What to work on: Repeat exactly the lines below that lie between the line with "# Эскиз6 → Вырез-Вытянуть4 (cut)" and the line with "extrude(amount=121.796035472, mode=Mode.SUBTRACT)", counting both of those lines as part of the answer.

[Entries taken from a collection]
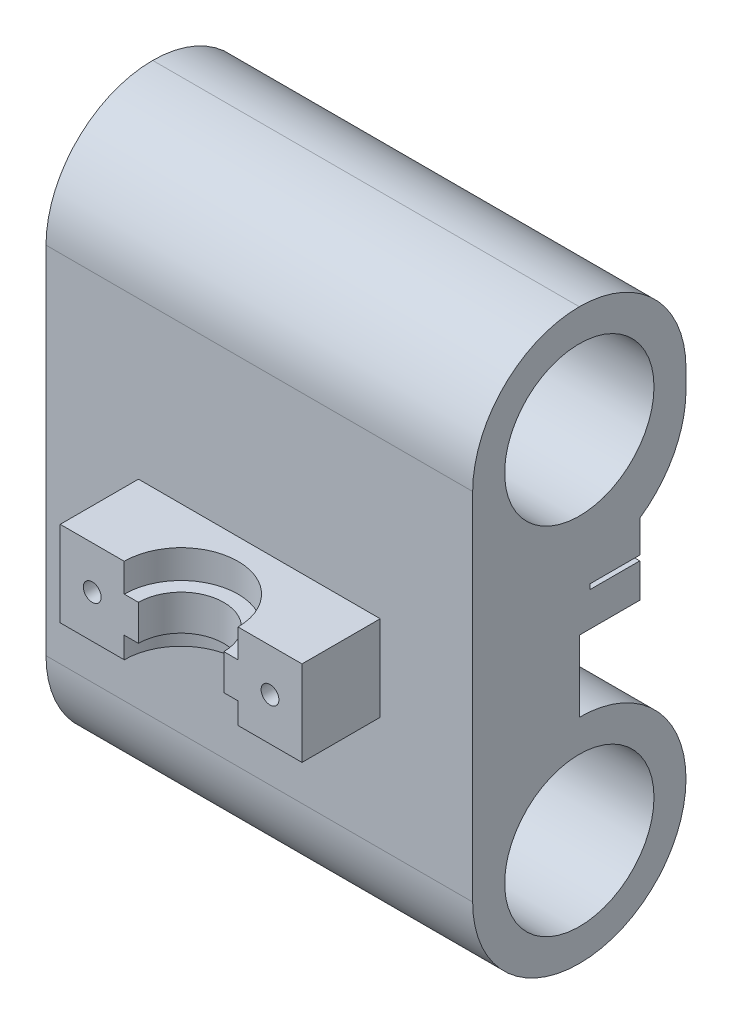
from build123d import *

# Parameters (mm, degrees)
SKETCH_1_R               = 10.5
EXTRUDE_2_DEPTH          = 60
FILLET_1_R               = 15
FILLET_5_R               = 15
FILLET_3_R               = 15
SKETCH_2_W               = 34
SKETCH_2_H               = 12
EXTRUDE_3_DEPTH          = 11
CUT_EXTRUDE_1_DEPTH      = 12
CUT_EXTRUDE_2_DEPTH      = 80.680612447
CUT_EXTRUDE_2_DEPTH_BACK = 4
CUT_EXTRUDE_3_DEPTH      = 84.072257704
CUT_EXTRUDE_3_DEPTH_BACK = 3
SKETCH_6_R               = 1.25
CUT_EXTRUDE_4_DEPTH      = 11
FILLET_10_R              = 15
FILLET_11_R              = 15
FILLET_13_R              = 15
SKETCH_9_W               = 1.1
SKETCH_9_H               = 0.9
CUT_EXTRUDE_6_DEPTH      = 7
SKETCH_11_W              = 1.1
SKETCH_11_H              = 0.9
CUT_EXTRUDE_7_DEPTH      = 7


# Some blends are built 0.0001 mm under size
with BuildPart() as part:
    # Эскиз1 → Бобышка-Вытянуть2 (new body)
    with BuildSketch(Plane(origin=(0, 0, 0), x_dir=(0, 0, -1), z_dir=(1, 0, 0))):
        Polygon((0, 0), (0, 80), (30, 80), (30, 50), (23.5, 50), (23.5, 45.5), (16.5, 45.5), (16.5, 44.8), (23.5, 44.8), (23.5, 40), (16.5, 40), (15, 40), (15, 30), (30, 30), (30, 0), align=None)
        with Locations((15, 15)):
            Circle(SKETCH_1_R, mode=Mode.SUBTRACT)
        with Locations((15, 65)):
            Circle(SKETCH_1_R, mode=Mode.SUBTRACT)
    extrude(amount=EXTRUDE_2_DEPTH)

    # Скругление1
    fillet_1_edges = [part.edges().sort_by_distance(p)[0] for p in [
        (30, 30, -30),
    ]]
    fillet(fillet_1_edges, radius=FILLET_1_R - 0.0001)  # a hair under: the kernel refuses the full size

    # Скругление5
    fillet_5_edges = [part.edges().sort_by_distance(p)[0] for p in [
        (30, 80, -30),
    ]]
    fillet(fillet_5_edges, radius=FILLET_5_R)

    # Скругление3
    fillet_3_edges = [part.edges().sort_by_distance(p)[0] for p in [
        (30, 0, -30),
    ]]
    fillet(fillet_3_edges, radius=FILLET_3_R)

    # Эскиз2 → Бобышка-Вытянуть3 (add)
    with BuildSketch(Plane.XY):
        with Locations((30, 37)):
            Rectangle(SKETCH_2_W, SKETCH_2_H)
    extrude(amount=EXTRUDE_3_DEPTH)

    # Эскиз3 → Вырез-Вытянуть1 (cut)
    with BuildSketch(Plane(origin=(0, 43, 0), x_dir=(1, 0, 0), z_dir=(0, 1, 0))):
        with BuildLine():
            ThreePointArc((36, -11), (30, -5), (24, -11))
            Line((24, -11), (36, -11))
        make_face()
    extrude(amount=-CUT_EXTRUDE_1_DEPTH, mode=Mode.SUBTRACT)

    # Эскиз4 → Вырез-Вытянуть2 (cut, two sides: drawn at the far end of the back side and taken through both)
    with BuildSketch(Plane(origin=(0, 43, 0), x_dir=(1, 0, 0), z_dir=(0, 1, 0)).offset(-CUT_EXTRUDE_2_DEPTH_BACK)):
        with BuildLine():
            Line((38, -132.803398875), (38, -11))
            ThreePointArc((38, -11), (30, -3), (22, -11))
            Line((22, -11), (22, -132.803398875))
            Line((22, -132.803398875), (22, -376.410196625))
            Line((22, -376.410196625), (38, -376.410196625))
            Line((38, -376.410196625), (38, -132.803398875))
        make_face()
    extrude(amount=CUT_EXTRUDE_2_DEPTH + CUT_EXTRUDE_2_DEPTH_BACK, mode=Mode.SUBTRACT)

    # Эскиз5 → Вырез-Вытянуть3 (cut, two sides: drawn at the far end of the back side and taken through both)
    with BuildSketch(Plane(origin=(0, 31, 0), x_dir=(-1, 0, 0), z_dir=(0, -1, 0)).offset(-CUT_EXTRUDE_3_DEPTH_BACK)):
        with BuildLine():
            Line((-22, -132.803398875), (-22, -11))
            ThreePointArc((-22, -11), (-30, -3), (-38, -11))
            Line((-38, -11), (-38, -132.803398875))
            Line((-38, -132.803398875), (-38, -376.410196625))
            Line((-38, -376.410196625), (-22, -376.410196625))
            Line((-22, -376.410196625), (-22, -132.803398875))
        make_face()
    extrude(amount=CUT_EXTRUDE_3_DEPTH + CUT_EXTRUDE_3_DEPTH_BACK, mode=Mode.SUBTRACT)

    # Эскиз6 → Вырез-Вытянуть4 (cut)
    with BuildSketch(Plane.XY.offset(11)):
        with Locations((17.5, 37)):
            Circle(SKETCH_6_R)
        with Locations((42.5, 37)):
            Circle(SKETCH_6_R)
    extrude(amount=-CUT_EXTRUDE_4_DEPTH, mode=Mode.SUBTRACT)

    # Скругление10
    fillet_10_edges = [part.edges().sort_by_distance(p)[0] for p in [
        (30, 80, 0),
    ]]
    fillet(fillet_10_edges, radius=FILLET_10_R - 0.0001)  # a hair under: the kernel refuses the full size

    # Скругление11
    fillet_11_edges = [part.edges().sort_by_distance(p)[0] for p in [
        (30, 0, 0),
    ]]
    fillet(fillet_11_edges, radius=FILLET_11_R - 0.0001)  # a hair under: the kernel refuses the full size

    # Скругление13
    # the kernel refuses this fillet: 15 mm, written as the material it takes off along each edge
    with BuildSketch(Plane(origin=(-30.898017736, 50, -30), x_dir=(0, 1, 0), z_dir=(1, 0, 0))) as fillet_13_piece_1:
        with BuildLine():
            CenterArc((12.359207094, 15), FILLET_13_R, 214.518107841, 55.481892159)
            Line((0, 6.5), (-0.247184142, 6.33))
            ThreePointArc((-0.247184142, 6.33), (-0.3, 3.25), (-0.3, 0))
            Line((-0.3, 0), (0, -0.3))
            Line((0, -0.3), (12.359207094, -0.3))
            Line((12.359207094, -0.3), (12.359207094, 0))
        make_face()
    extrude(amount=121.796035472, mode=Mode.SUBTRACT)

    # Эскиз9 → Вырез-Вытянуть6 (cut)
    with BuildSketch(Plane(origin=(0, 0, -23.5), x_dir=(-1, 0, 0), z_dir=(0, 0, -1))):
        with Locations((-58.6, 44.35)):
            Rectangle(SKETCH_9_W, SKETCH_9_H)
        with Locations((-56.65, 44.35)):
            Rectangle(SKETCH_9_W, SKETCH_9_H)
        with Locations((-54.7, 44.35)):
            Rectangle(SKETCH_9_W, SKETCH_9_H)
        with Locations((-52.75, 44.35)):
            Rectangle(SKETCH_9_W, SKETCH_9_H)
        with Locations((-50.8, 44.35)):
            Rectangle(SKETCH_9_W, SKETCH_9_H)
        with Locations((-48.85, 44.35)):
            Rectangle(SKETCH_9_W, SKETCH_9_H)
        with Locations((-46.9, 44.35)):
            Rectangle(SKETCH_9_W, SKETCH_9_H)
        with Locations((-44.95, 44.35)):
            Rectangle(SKETCH_9_W, SKETCH_9_H)
        with Locations((-43, 44.35)):
            Rectangle(SKETCH_9_W, SKETCH_9_H)
        with Locations((-41.05, 44.35)):
            Rectangle(SKETCH_9_W, SKETCH_9_H)
        with Locations((-39.1, 44.35)):
            Rectangle(SKETCH_9_W, SKETCH_9_H)
        with Locations((-37.15, 44.35)):
            Rectangle(SKETCH_9_W, SKETCH_9_H)
    extrude(amount=-CUT_EXTRUDE_6_DEPTH, mode=Mode.SUBTRACT)

    # Эскиз11 → Вырез-Вытянуть7 (cut)
    with BuildSketch(Plane(origin=(0, 0, -23.5), x_dir=(-1, 0, 0), z_dir=(0, 0, -1))):
        with Locations((-1.4, 44.35)):
            Rectangle(SKETCH_11_W, SKETCH_11_H)
        with Locations((-3.35, 44.35)):
            Rectangle(SKETCH_11_W, SKETCH_11_H)
        with Locations((-5.3, 44.35)):
            Rectangle(SKETCH_11_W, SKETCH_11_H)
        with Locations((-7.25, 44.35)):
            Rectangle(SKETCH_11_W, SKETCH_11_H)
        with Locations((-9.2, 44.35)):
            Rectangle(SKETCH_11_W, SKETCH_11_H)
        with Locations((-11.15, 44.35)):
            Rectangle(SKETCH_11_W, SKETCH_11_H)
        with Locations((-13.1, 44.35)):
            Rectangle(SKETCH_11_W, SKETCH_11_H)
        with Locations((-15.05, 44.35)):
            Rectangle(SKETCH_11_W, SKETCH_11_H)
        with Locations((-17, 44.35)):
            Rectangle(SKETCH_11_W, SKETCH_11_H)
        with Locations((-18.95, 44.35)):
            Rectangle(SKETCH_11_W, SKETCH_11_H)
        with Locations((-20.9, 44.35)):
            Rectangle(SKETCH_11_W, SKETCH_11_H)
        with Locations((-22.85, 44.35)):
            Rectangle(SKETCH_11_W, SKETCH_11_H)
    extrude(amount=-CUT_EXTRUDE_7_DEPTH, mode=Mode.SUBTRACT)


solid = part.part

Written response:
    # Эскиз6 → Вырез-Вытянуть4 (cut)
    with BuildSketch(Plane.XY.offset(11)):
        with Locations((17.5, 37)):
            Circle(SKETCH_6_R)
        with Locations((42.5, 37)):
            Circle(SKETCH_6_R)
    extrude(amount=-CUT_EXTRUDE_4_DEPTH, mode=Mode.SUBTRACT)

    # Скругление10
    fillet_10_edges = [part.edges().sort_by_distance(p)[0] for p in [
        (30, 80, 0),
    ]]
    fillet(fillet_10_edges, radius=FILLET_10_R - 0.0001)  # a hair under: the kernel refuses the full size

    # Скругление11
    fillet_11_edges = [part.edges().sort_by_distance(p)[0] for p in [
        (30, 0, 0),
    ]]
    fillet(fillet_11_edges, radius=FILLET_11_R - 0.0001)  # a hair under: the kernel refuses the full size

    # Скругление13
    # the kernel refuses this fillet: 15 mm, written as the material it takes off along each edge
    with BuildSketch(Plane(origin=(-30.898017736, 50, -30), x_dir=(0, 1, 0), z_dir=(1, 0, 0))) as fillet_13_piece_1:
        with BuildLine():
            CenterArc((12.359207094, 15), FILLET_13_R, 214.518107841, 55.481892159)
            Line((0, 6.5), (-0.247184142, 6.33))
            ThreePointArc((-0.247184142, 6.33), (-0.3, 3.25), (-0.3, 0))
            Line((-0.3, 0), (0, -0.3))
            Line((0, -0.3), (12.359207094, -0.3))
            Line((12.359207094, -0.3), (12.359207094, 0))
        make_face()
    extrude(amount=121.796035472, mode=Mode.SUBTRACT)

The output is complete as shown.